WHAT TO WORK ON>
Please restate, word for word, the lines below that begin at the one with "scene = bpy.context.scene" and end at the one with "world_world = bpy.data.worlds.new('World');". Leave out all other lines.

━━━ MATERIAL FOR THE TASK

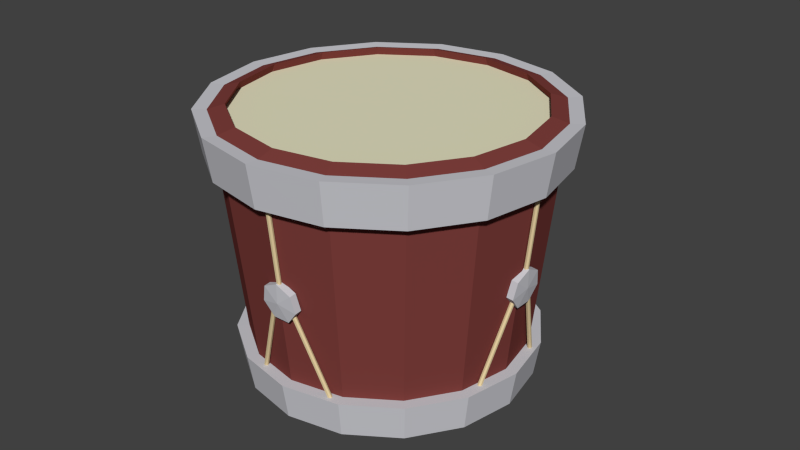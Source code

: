 # Source: drum.blend  (saved by Blender 2.67.0; exported with 4.5.12 LTS)
import bpy
from mathutils import Matrix  # noqa: F401  (used for matrix-valued properties, if any)

bpy.ops.wm.read_factory_settings(use_empty=True)
scene = bpy.context.scene
scene.name = 'Scene'

# ---- collections
col_collection_1 = bpy.data.collections.new('Collection 1'); scene.collection.children.link(col_collection_1)

# ---- materials (node trees are filled in below, after node groups)
mat_rope = bpy.data.materials.new('Rope')
mat_rope.alpha_threshold = 0.0
mat_rope.use_transparent_shadow = False
mat_rope.diffuse_color = (0.8, 0.6412, 0.3668, 1.0)
mat_rope.roughness = 0.5
mat_rope.line_color = (0.0, 0.0, 0.0, 1.0)
mat_base = bpy.data.materials.new('Base')
mat_base.alpha_threshold = 0.0
mat_base.use_transparent_shadow = False
mat_base.diffuse_color = (0.2079, 0.04956, 0.04426, 1.0)
mat_base.specular_color = (1.0, 0.9623, 0.8492)
mat_base.roughness = 0.5
mat_base.specular_intensity = 0.8885
mat_base.line_color = (0.0, 0.0, 0.0, 1.0)
mat_sheet = bpy.data.materials.new('Sheet')
mat_sheet.alpha_threshold = 0.0
mat_sheet.use_transparent_shadow = False
mat_sheet.diffuse_color = (0.8, 0.7732, 0.5483, 1.0)
mat_sheet.roughness = 0.5
mat_sheet.specular_intensity = 0.1
mat_sheet.line_color = (0.0, 0.0, 0.0, 1.0)
mat_metalpieces = bpy.data.materials.new('MetalPieces')
mat_metalpieces.alpha_threshold = 0.0
mat_metalpieces.use_transparent_shadow = False
mat_metalpieces.preview_render_type = 'SHADERBALL'
mat_metalpieces.diffuse_color = (0.6038, 0.6038, 0.6445, 1.0)
mat_metalpieces.specular_color = (0.8714, 0.8714, 1.0)
mat_metalpieces.roughness = 0.5
mat_metalpieces.specular_intensity = 1.0
mat_metalpieces.line_color = (0.0, 0.0, 0.0, 1.0)

# ---- material node trees

# ---- world
world_world = bpy.data.worlds.new('World'); scene.world = world_world
world_world.color = (0.05088, 0.05088, 0.05088)
world_world.use_sun_shadow = False
world_world.sun_shadow_jitter_overblur = 0.0
world_world.cycles.sampling_method = 'MANUAL'
world_world.cycles.sample_map_resolution = 256

# ---- meshes
me_circle_009 = bpy.data.meshes.new('Circle.009')
me_circle_009.from_pydata([(6.429, 1.487, 3.165), (6.463, 0.8172, 3.038), (6.401, 0.5825, 2.685), (6.29, 0.9596, 2.373), (6.213, 1.665, 2.335), (6.228, 2.166, 2.601), (6.324, 2.087, 2.97), (6.141, 1.459, 3.184), (6.175, 0.7893, 3.057), (6.114, 0.5546, 2.704), (6.002, 0.9317, 2.392), (5.925, 1.637, 2.354), (5.94, 2.139, 2.62), (6.036, 2.059, 2.989), (5.583, -1.199, 0.3546), (5.615, -1.264, 0.3734), (5.692, -1.28, 0.3814), (5.757, -1.235, 0.3727), (5.76, -1.163, 0.3538), (5.7, -1.118, 0.3389), (5.621, -1.134, 0.3393), (6.13, 1.1, 2.8), (6.162, 1.035, 2.819), (6.239, 1.019, 2.827), (6.303, 1.064, 2.818), (6.307, 1.136, 2.799), (6.246, 1.181, 2.784), (6.168, 1.165, 2.785), (5.143, 2.821, 0.1415), (5.159, 2.897, 0.1528), (5.23, 2.932, 0.1582), (5.303, 2.9, 0.1536), (5.323, 2.824, 0.1424), (5.274, 2.763, 0.1332), (5.194, 2.762, 0.1327), (6.069, 1.656, 2.77), (6.085, 1.732, 2.782), (6.157, 1.767, 2.787), (6.23, 1.734, 2.783), (6.249, 1.659, 2.771), (6.201, 1.598, 2.762), (6.12, 1.596, 2.762), (6.112, 1.392, 2.77), (6.155, 1.324, 2.772), (6.234, 1.314, 2.768), (6.291, 1.37, 2.761), (6.282, 1.449, 2.757), (6.215, 1.493, 2.758), (6.139, 1.468, 2.764), (6.56, 1.863, 4.973), (6.602, 1.795, 4.974), (6.681, 1.785, 4.97), (6.738, 1.841, 4.964), (6.729, 1.92, 4.96), (6.662, 1.964, 4.961), (6.586, 1.939, 4.967), (-0.876, 7.012, 2.872), (-0.2338, 7.015, 2.709), (-0.06755, 6.884, 2.351), (-0.5024, 6.718, 2.067), (-1.211, 6.641, 2.071), (-1.659, 6.712, 2.36), (-1.51, 6.877, 2.716), (-0.8446, 6.729, 2.904), (-0.2024, 6.732, 2.742), (-0.03616, 6.601, 2.384), (-0.471, 6.435, 2.1), (-1.179, 6.358, 2.104), (-1.628, 6.429, 2.393), (-1.479, 6.594, 2.749), (1.261, 5.61, -0.006382), (1.329, 5.645, 0.007136), (1.346, 5.723, 0.01023), (1.3, 5.786, 0.0005646), (1.225, 5.786, -0.01458), (1.177, 5.724, -0.02379), (1.193, 5.646, -0.02014), (-0.5606, 6.641, 2.506), (-0.4925, 6.676, 2.52), (-0.4751, 6.754, 2.523), (-0.5214, 6.817, 2.513), (-0.5967, 6.817, 2.498), (-0.6442, 6.755, 2.489), (-0.6281, 6.677, 2.492), (-2.78, 5.172, 0.01686), (-2.854, 5.191, 0.03119), (-2.887, 5.264, 0.03458), (-2.856, 5.335, 0.02447), (-2.783, 5.351, 0.008476), (-2.724, 5.301, -0.001354), (-2.722, 5.221, 0.002378), (-1.12, 6.581, 2.509), (-1.193, 6.6, 2.524), (-1.227, 6.672, 2.527), (-1.195, 6.744, 2.517), (-1.122, 6.76, 2.501), (-1.063, 6.71, 2.491), (-1.062, 6.63, 2.495), (-0.8571, 6.621, 2.493), (-0.7887, 6.663, 2.489), (-0.7794, 6.741, 2.48), (-0.8361, 6.797, 2.474), (-0.9162, 6.788, 2.474), (-0.9593, 6.722, 2.481), (-0.9331, 6.647, 2.49), (-0.9059, 7.489, 4.674), (-0.8375, 7.53, 4.67), (-0.8281, 7.609, 4.662), (-0.8848, 7.664, 4.655), (-0.9649, 7.656, 4.656), (-1.008, 7.589, 4.663), (-0.9818, 7.515, 4.671), (-6.429, -0.2562, 3.257), (-6.463, 0.3519, 3.062), (-6.401, 0.4481, 2.692), (-6.29, -0.04004, 2.426), (-6.213, -0.7449, 2.463), (-6.228, -1.136, 2.776), (-6.324, -0.9183, 3.13), (-6.141, -0.2216, 3.273), (-6.175, 0.3865, 3.078), (-6.114, 0.4827, 2.708), (-6.002, -0.005467, 2.441), (-5.925, -0.7104, 2.479), (-5.94, -1.101, 2.792), (-6.036, -0.8837, 3.145), (-5.583, 1.31, 0.2216), (-5.615, 1.38, 0.2332), (-5.692, 1.399, 0.2394), (-5.757, 1.352, 0.2356), (-5.76, 1.274, 0.2246), (-5.7, 1.224, 0.2147), (-5.621, 1.24, 0.2134), (-6.13, -0.01548, 2.859), (-6.162, 0.05518, 2.871), (-6.239, 0.07389, 2.877), (-6.303, 0.02654, 2.873), (-6.307, -0.05119, 2.862), (-6.246, -0.1008, 2.852), (-6.168, -0.08489, 2.851), (-5.143, -2.711, 0.4347), (-5.159, -2.781, 0.4538), (-5.23, -2.813, 0.4627), (-5.303, -2.783, 0.4548), (-5.323, -2.714, 0.436), (-5.274, -2.657, 0.4205), (-5.194, -2.656, 0.4199), (-6.069, -0.5717, 2.889), (-6.085, -0.6417, 2.908), (-6.157, -0.6738, 2.917), (-6.23, -0.6438, 2.909), (-6.249, -0.5742, 2.89), (-6.201, -0.5176, 2.874), (-6.12, -0.5164, 2.874), (-6.112, -0.3133, 2.86), (-6.155, -0.2456, 2.855), (-6.234, -0.2371, 2.85), (-6.291, -0.2942, 2.85), (-6.282, -0.3739, 2.854), (-6.215, -0.4162, 2.86), (-6.139, -0.3892, 2.863), (-6.56, 0.06084, 5.068), (-6.602, 0.1285, 5.063), (-6.681, 0.137, 5.058), (-6.738, 0.07993, 5.057), (-6.729, 0.000236, 5.062), (-6.662, -0.04204, 5.067), (-6.586, -0.01507, 5.07), (0.876, -5.781, 3.55), (0.2338, -5.846, 3.391), (0.06755, -5.854, 3.026), (0.5024, -5.798, 2.731), (1.211, -5.721, 2.727), (1.659, -5.681, 3.017), (1.51, -5.708, 3.384), (0.8446, -5.491, 3.552), (0.2024, -5.556, 3.393), (0.03616, -5.564, 3.029), (0.471, -5.509, 2.733), (1.179, -5.432, 2.729), (1.628, -5.391, 3.02), (1.479, -5.418, 3.386), (-1.261, -5.5, 0.5826), (-1.329, -5.528, 0.5994), (-1.346, -5.604, 0.6107), (-1.3, -5.669, 0.6078), (-1.225, -5.675, 0.593), (-1.177, -5.618, 0.5774), (-1.193, -5.54, 0.5728), (0.5606, -5.557, 3.153), (0.4925, -5.586, 3.17), (0.4751, -5.661, 3.181), (0.5214, -5.726, 3.178), (0.5967, -5.732, 3.163), (0.6442, -5.675, 3.148), (0.6281, -5.597, 3.143), (2.78, -5.061, 0.5593), (2.854, -5.075, 0.5754), (2.887, -5.145, 0.5863), (2.856, -5.218, 0.5839), (2.783, -5.241, 0.57), (2.724, -5.195, 0.555), (2.722, -5.115, 0.5503), (1.12, -5.496, 3.15), (1.193, -5.51, 3.166), (1.227, -5.579, 3.177), (1.195, -5.653, 3.174), (1.122, -5.675, 3.16), (1.063, -5.629, 3.145), (1.062, -5.55, 3.141), (0.8571, -5.542, 3.138), (0.7887, -5.585, 3.138), (0.7794, -5.664, 3.138), (0.8361, -5.722, 3.137), (0.9162, -5.713, 3.137), (0.9593, -5.645, 3.137), (0.9331, -5.569, 3.137), (0.9059, -5.564, 5.366), (0.8375, -5.607, 5.367), (0.8281, -5.687, 5.367), (0.8848, -5.744, 5.366), (0.9649, -5.735, 5.366), (1.008, -5.667, 5.365), (0.9818, -5.591, 5.366), (-0.6571, 6.002, -0.2852), (-2.913, 5.296, -0.2477), (-4.726, 3.784, -0.1676), (-5.819, 1.697, -0.05695), (-6.026, -0.6476, 0.06732), (-5.316, -2.892, 0.1863), (-3.797, -4.696, 0.2819), (-1.699, -5.784, 0.3396), (0.6571, -5.99, 0.3505), (2.913, -5.283, 0.3131), (4.726, -3.771, 0.2329), (5.819, -1.684, 0.1223), (6.026, 0.6601, -0.001999), (5.316, 2.905, -0.121), (3.797, 4.708, -0.2166), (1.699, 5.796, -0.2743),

━━━━━━

RESPONSE AREA>
scene = bpy.context.scene
scene.name = 'Scene'

# ---- collections
col_collection_1 = bpy.data.collections.new('Collection 1'); scene.collection.children.link(col_collection_1)

# ---- materials (node trees are filled in below, after node groups)
mat_rope = bpy.data.materials.new('Rope')
mat_rope.alpha_threshold = 0.0
mat_rope.use_transparent_shadow = False
mat_rope.diffuse_color = (0.8, 0.6412, 0.3668, 1.0)
mat_rope.roughness = 0.5
mat_rope.line_color = (0.0, 0.0, 0.0, 1.0)
mat_base = bpy.data.materials.new('Base')
mat_base.alpha_threshold = 0.0
mat_base.use_transparent_shadow = False
mat_base.diffuse_color = (0.2079, 0.04956, 0.04426, 1.0)
mat_base.specular_color = (1.0, 0.9623, 0.8492)
mat_base.roughness = 0.5
mat_base.specular_intensity = 0.8885
mat_base.line_color = (0.0, 0.0, 0.0, 1.0)
mat_sheet = bpy.data.materials.new('Sheet')
mat_sheet.alpha_threshold = 0.0
mat_sheet.use_transparent_shadow = False
mat_sheet.diffuse_color = (0.8, 0.7732, 0.5483, 1.0)
mat_sheet.roughness = 0.5
mat_sheet.specular_intensity = 0.1
mat_sheet.line_color = (0.0, 0.0, 0.0, 1.0)
mat_metalpieces = bpy.data.materials.new('MetalPieces')
mat_metalpieces.alpha_threshold = 0.0
mat_metalpieces.use_transparent_shadow = False
mat_metalpieces.preview_render_type = 'SHADERBALL'
mat_metalpieces.diffuse_color = (0.6038, 0.6038, 0.6445, 1.0)
mat_metalpieces.specular_color = (0.8714, 0.8714, 1.0)
mat_metalpieces.roughness = 0.5
mat_metalpieces.specular_intensity = 1.0
mat_metalpieces.line_color = (0.0, 0.0, 0.0, 1.0)

# ---- material node trees

# ---- world
world_world = bpy.data.worlds.new('World'); scene.world = world_world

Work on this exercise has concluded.